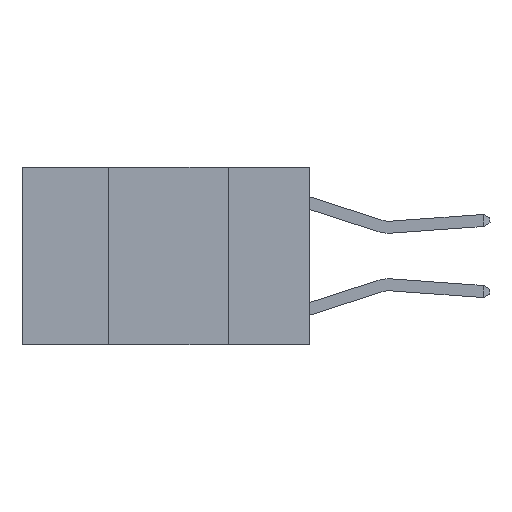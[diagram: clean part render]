
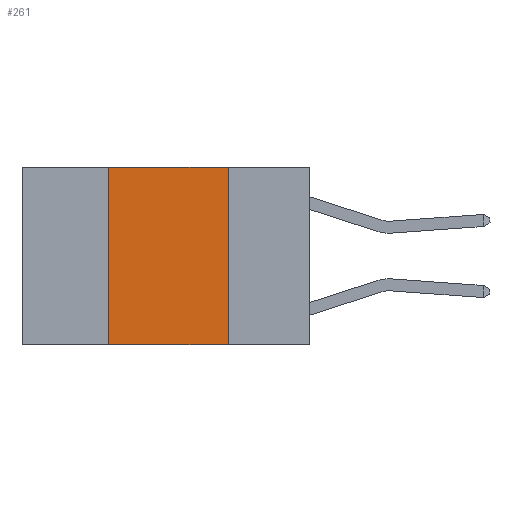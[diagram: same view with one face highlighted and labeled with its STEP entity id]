
A CAD part, left-side view. The second image highlights one B-rep face of the part: STEP entity #261.
In plain terms, the highlighted planar face has unit normal (-1, 0, 0).
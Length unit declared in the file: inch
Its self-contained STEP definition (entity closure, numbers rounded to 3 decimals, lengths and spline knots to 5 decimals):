
#261 = ADVANCED_FACE ( 'NONE', ( #8998 ), #6308, .F. ) ;
#471 = DIRECTION ( 'NONE',  ( 0., 0., -1. ) ) ;
#592 = ORIENTED_EDGE ( 'NONE', *, *, #12672, .T. ) ;
#1548 = CARTESIAN_POINT ( 'NONE',  ( 0., 0.17, 0. ) ) ;
#2250 = VERTEX_POINT ( 'NONE', #9685 ) ;
#2485 = LINE ( 'NONE', #10500, #16624 ) ;
#2714 = EDGE_CURVE ( 'NONE', #2250, #3203, #3560, .T. ) ;
#3203 = VERTEX_POINT ( 'NONE', #1548 ) ;
#3560 = LINE ( 'NONE', #9167, #14420 ) ;
#3623 = ORIENTED_EDGE ( 'NONE', *, *, #2714, .F. ) ;
#3631 = VECTOR ( 'NONE', #15768, 39.37008 ) ;
#3731 = EDGE_LOOP ( 'NONE', ( #14478, #3623, #15356, #592 ) ) ;
#4354 = CARTESIAN_POINT ( 'NONE',  ( 0., 0.42, -0.37 ) ) ;
#4984 = DIRECTION ( 'NONE',  ( 0., -1., 0. ) ) ;
#4996 = DIRECTION ( 'NONE',  ( 0., 0., -1. ) ) ;
#5111 = VECTOR ( 'NONE', #17609, 39.37008 ) ;
#5427 = DIRECTION ( 'NONE',  ( 1., 0., 0. ) ) ;
#5812 = CARTESIAN_POINT ( 'NONE',  ( 0., 0.17, -0.37 ) ) ;
#5908 = CARTESIAN_POINT ( 'NONE',  ( 0., 0.42, 0. ) ) ;
#6308 = PLANE ( 'NONE',  #16344 ) ;
#6455 = CARTESIAN_POINT ( 'NONE',  ( 0., 0.6, -0.37 ) ) ;
#7645 = EDGE_CURVE ( 'NONE', #3203, #16515, #2485, .T. ) ;
#8998 = FACE_OUTER_BOUND ( 'NONE', #3731, .T. ) ;
#9167 = CARTESIAN_POINT ( 'NONE',  ( 0., 0.6, 0. ) ) ;
#9685 = CARTESIAN_POINT ( 'NONE',  ( 0., 0.42, 0. ) ) ;
#10364 = VERTEX_POINT ( 'NONE', #4354 ) ;
#10500 = CARTESIAN_POINT ( 'NONE',  ( 0., 0.17, 0. ) ) ;
#12672 = EDGE_CURVE ( 'NONE', #10364, #16515, #14374, .T. ) ;
#14374 = LINE ( 'NONE', #6455, #5111 ) ;
#14420 = VECTOR ( 'NONE', #4984, 39.37008 ) ;
#14478 = ORIENTED_EDGE ( 'NONE', *, *, #7645, .F. ) ;
#14497 = LINE ( 'NONE', #5908, #3631 ) ;
#14882 = CARTESIAN_POINT ( 'NONE',  ( 0., 0.6, 0. ) ) ;
#15356 = ORIENTED_EDGE ( 'NONE', *, *, #17313, .F. ) ;
#15768 = DIRECTION ( 'NONE',  ( 0., 0., 1. ) ) ;
#16344 = AXIS2_PLACEMENT_3D ( 'NONE', #14882, #5427, #4996 ) ;
#16515 = VERTEX_POINT ( 'NONE', #5812 ) ;
#16624 = VECTOR ( 'NONE', #471, 39.37008 ) ;
#17313 = EDGE_CURVE ( 'NONE', #10364, #2250, #14497, .T. ) ;
#17609 = DIRECTION ( 'NONE',  ( 0., -1., 0. ) ) ;
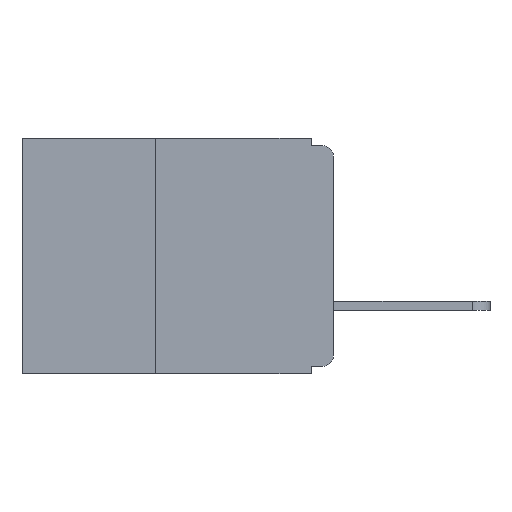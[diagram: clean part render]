
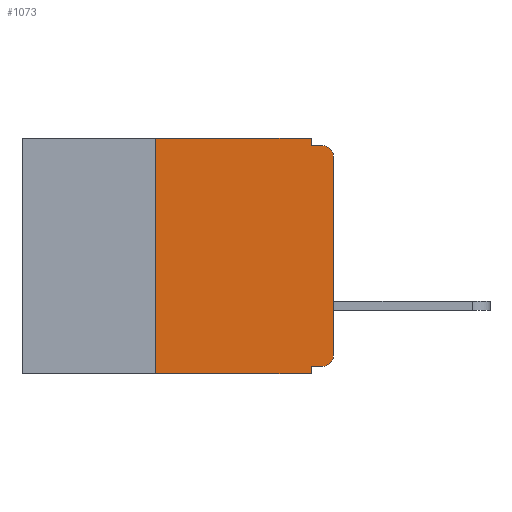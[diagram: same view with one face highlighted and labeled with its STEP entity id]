
A CAD part, left-side view. The second image highlights one B-rep face of the part: STEP entity #1073.
In plain terms, the highlighted planar face has unit normal (-1, 0, 0).
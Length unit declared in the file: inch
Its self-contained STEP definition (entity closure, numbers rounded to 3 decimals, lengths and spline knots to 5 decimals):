
#289 = CIRCLE ( 'NONE', #10989, 0.015 ) ;
#305 = DIRECTION ( 'NONE',  ( -1., 0., 0. ) ) ;
#490 = ORIENTED_EDGE ( 'NONE', *, *, #30806, .T. ) ;
#1073 = ADVANCED_FACE ( 'NONE', ( #2744 ), #9925, .F. ) ;
#1423 = VECTOR ( 'NONE', #12100, 39.37008 ) ;
#2744 = FACE_OUTER_BOUND ( 'NONE', #31558, .T. ) ;
#3055 = CARTESIAN_POINT ( 'NONE',  ( 0., 0.031, -0.32 ) ) ;
#3657 = DIRECTION ( 'NONE',  ( 0., 0., -1. ) ) ;
#3702 = ORIENTED_EDGE ( 'NONE', *, *, #14952, .F. ) ;
#4053 = EDGE_CURVE ( 'NONE', #17672, #20641, #11116, .T. ) ;
#4082 = VECTOR ( 'NONE', #28731, 39.37008 ) ;
#4195 = VECTOR ( 'NONE', #20887, 39.37008 ) ;
#4242 = EDGE_CURVE ( 'NONE', #28907, #26839, #22414, .T. ) ;
#5185 = VERTEX_POINT ( 'NONE', #19839 ) ;
#5384 = LINE ( 'NONE', #29740, #32290 ) ;
#5825 = EDGE_CURVE ( 'NONE', #5185, #32818, #289, .T. ) ;
#6237 = CARTESIAN_POINT ( 'NONE',  ( 0., 0.031, -0.33 ) ) ;
#6278 = EDGE_CURVE ( 'NONE', #7061, #17672, #6399, .T. ) ;
#6399 = LINE ( 'NONE', #9197, #33282 ) ;
#6480 = CIRCLE ( 'NONE', #15930, 0.015 ) ;
#6907 = EDGE_CURVE ( 'NONE', #22417, #11855, #12871, .T. ) ;
#7045 = CARTESIAN_POINT ( 'NONE',  ( 0., 0., -0.025 ) ) ;
#7061 = VERTEX_POINT ( 'NONE', #25631 ) ;
#7394 = CARTESIAN_POINT ( 'NONE',  ( 0., 0.015, -0.305 ) ) ;
#7437 = ORIENTED_EDGE ( 'NONE', *, *, #4242, .F. ) ;
#7852 = CARTESIAN_POINT ( 'NONE',  ( 0., 0.25, 0. ) ) ;
#9197 = CARTESIAN_POINT ( 'NONE',  ( 0., 0.25, -0.33 ) ) ;
#9308 = DIRECTION ( 'NONE',  ( 0., 0., 1. ) ) ;
#9337 = DIRECTION ( 'NONE',  ( 1., 0., 0. ) ) ;
#9446 = DIRECTION ( 'NONE',  ( 0., 0., -1. ) ) ;
#9925 = PLANE ( 'NONE',  #20252 ) ;
#10010 = DIRECTION ( 'NONE',  ( 0., 0., -1. ) ) ;
#10098 = ORIENTED_EDGE ( 'NONE', *, *, #4053, .F. ) ;
#10979 = EDGE_CURVE ( 'NONE', #7061, #11855, #14604, .T. ) ;
#10989 = AXIS2_PLACEMENT_3D ( 'NONE', #7394, #25596, #10010 ) ;
#11026 = CARTESIAN_POINT ( 'NONE',  ( 0., 0., -0.32 ) ) ;
#11116 = LINE ( 'NONE', #20997, #4195 ) ;
#11855 = VERTEX_POINT ( 'NONE', #6237 ) ;
#11928 = ORIENTED_EDGE ( 'NONE', *, *, #17165, .T. ) ;
#12100 = DIRECTION ( 'NONE',  ( 0., 0., -1. ) ) ;
#12871 = LINE ( 'NONE', #27683, #1423 ) ;
#13649 = EDGE_CURVE ( 'NONE', #5185, #22417, #28241, .T. ) ;
#13721 = CARTESIAN_POINT ( 'NONE',  ( 0., 0.031, 0. ) ) ;
#14604 = LINE ( 'NONE', #18347, #27610 ) ;
#14952 = EDGE_CURVE ( 'NONE', #20641, #28907, #5384, .T. ) ;
#15930 = AXIS2_PLACEMENT_3D ( 'NONE', #15940, #305, #18553 ) ;
#15940 = CARTESIAN_POINT ( 'NONE',  ( 0., 0.015, -0.025 ) ) ;
#17165 = EDGE_CURVE ( 'NONE', #32818, #24553, #17906, .T. ) ;
#17672 = VERTEX_POINT ( 'NONE', #7852 ) ;
#17733 = DIRECTION ( 'NONE',  ( 0., -1., 0. ) ) ;
#17868 = CARTESIAN_POINT ( 'NONE',  ( 0., 0., -0.01 ) ) ;
#17906 = LINE ( 'NONE', #26101, #4082 ) ;
#18347 = CARTESIAN_POINT ( 'NONE',  ( 0., 0.437, -0.33 ) ) ;
#18553 = DIRECTION ( 'NONE',  ( 0., 0., -1. ) ) ;
#18693 = ORIENTED_EDGE ( 'NONE', *, *, #5825, .T. ) ;
#19008 = CARTESIAN_POINT ( 'NONE',  ( 0., 0., -0.305 ) ) ;
#19839 = CARTESIAN_POINT ( 'NONE',  ( 0., 0.015, -0.32 ) ) ;
#20227 = CARTESIAN_POINT ( 'NONE',  ( 0., 0.437, 0. ) ) ;
#20252 = AXIS2_PLACEMENT_3D ( 'NONE', #20227, #9337, #9446 ) ;
#20468 = CARTESIAN_POINT ( 'NONE',  ( 0., 0.031, -0.01 ) ) ;
#20641 = VERTEX_POINT ( 'NONE', #13721 ) ;
#20887 = DIRECTION ( 'NONE',  ( 0., -1., 0. ) ) ;
#20944 = DIRECTION ( 'NONE',  ( 0., -1., 0. ) ) ;
#20997 = CARTESIAN_POINT ( 'NONE',  ( 0., 0.437, 0. ) ) ;
#22414 = LINE ( 'NONE', #17868, #28537 ) ;
#22417 = VERTEX_POINT ( 'NONE', #3055 ) ;
#24553 = VERTEX_POINT ( 'NONE', #7045 ) ;
#25596 = DIRECTION ( 'NONE',  ( -1., 0., 0. ) ) ;
#25631 = CARTESIAN_POINT ( 'NONE',  ( 0., 0.25, -0.33 ) ) ;
#26101 = CARTESIAN_POINT ( 'NONE',  ( 0., 0., 0. ) ) ;
#26235 = ORIENTED_EDGE ( 'NONE', *, *, #10979, .T. ) ;
#26839 = VERTEX_POINT ( 'NONE', #32656 ) ;
#27433 = VECTOR ( 'NONE', #29249, 39.37008 ) ;
#27610 = VECTOR ( 'NONE', #20944, 39.37008 ) ;
#27683 = CARTESIAN_POINT ( 'NONE',  ( 0., 0.031, -0.33 ) ) ;
#28241 = LINE ( 'NONE', #11026, #27433 ) ;
#28537 = VECTOR ( 'NONE', #17733, 39.37008 ) ;
#28730 = ORIENTED_EDGE ( 'NONE', *, *, #6907, .F. ) ;
#28731 = DIRECTION ( 'NONE',  ( 0., 0., 1. ) ) ;
#28907 = VERTEX_POINT ( 'NONE', #20468 ) ;
#29249 = DIRECTION ( 'NONE',  ( 0., 1., 0. ) ) ;
#29740 = CARTESIAN_POINT ( 'NONE',  ( 0., 0.031, 0. ) ) ;
#30806 = EDGE_CURVE ( 'NONE', #24553, #26839, #6480, .T. ) ;
#30916 = ORIENTED_EDGE ( 'NONE', *, *, #13649, .F. ) ;
#31558 = EDGE_LOOP ( 'NONE', ( #11928, #490, #7437, #3702, #10098, #33814, #26235, #28730, #30916, #18693 ) ) ;
#32290 = VECTOR ( 'NONE', #3657, 39.37008 ) ;
#32656 = CARTESIAN_POINT ( 'NONE',  ( 0., 0.015, -0.01 ) ) ;
#32818 = VERTEX_POINT ( 'NONE', #19008 ) ;
#33282 = VECTOR ( 'NONE', #9308, 39.37008 ) ;
#33814 = ORIENTED_EDGE ( 'NONE', *, *, #6278, .F. ) ;

____________________

** Required work **
Across the records above, show each line containing the word "second".

** Solution to this problem **
A CAD part, left-side view. The second image highlights one B-rep face of the part: STEP entity #261.
A CAD part, left-side view. The second image highlights one B-rep face of the part: STEP entity #1073.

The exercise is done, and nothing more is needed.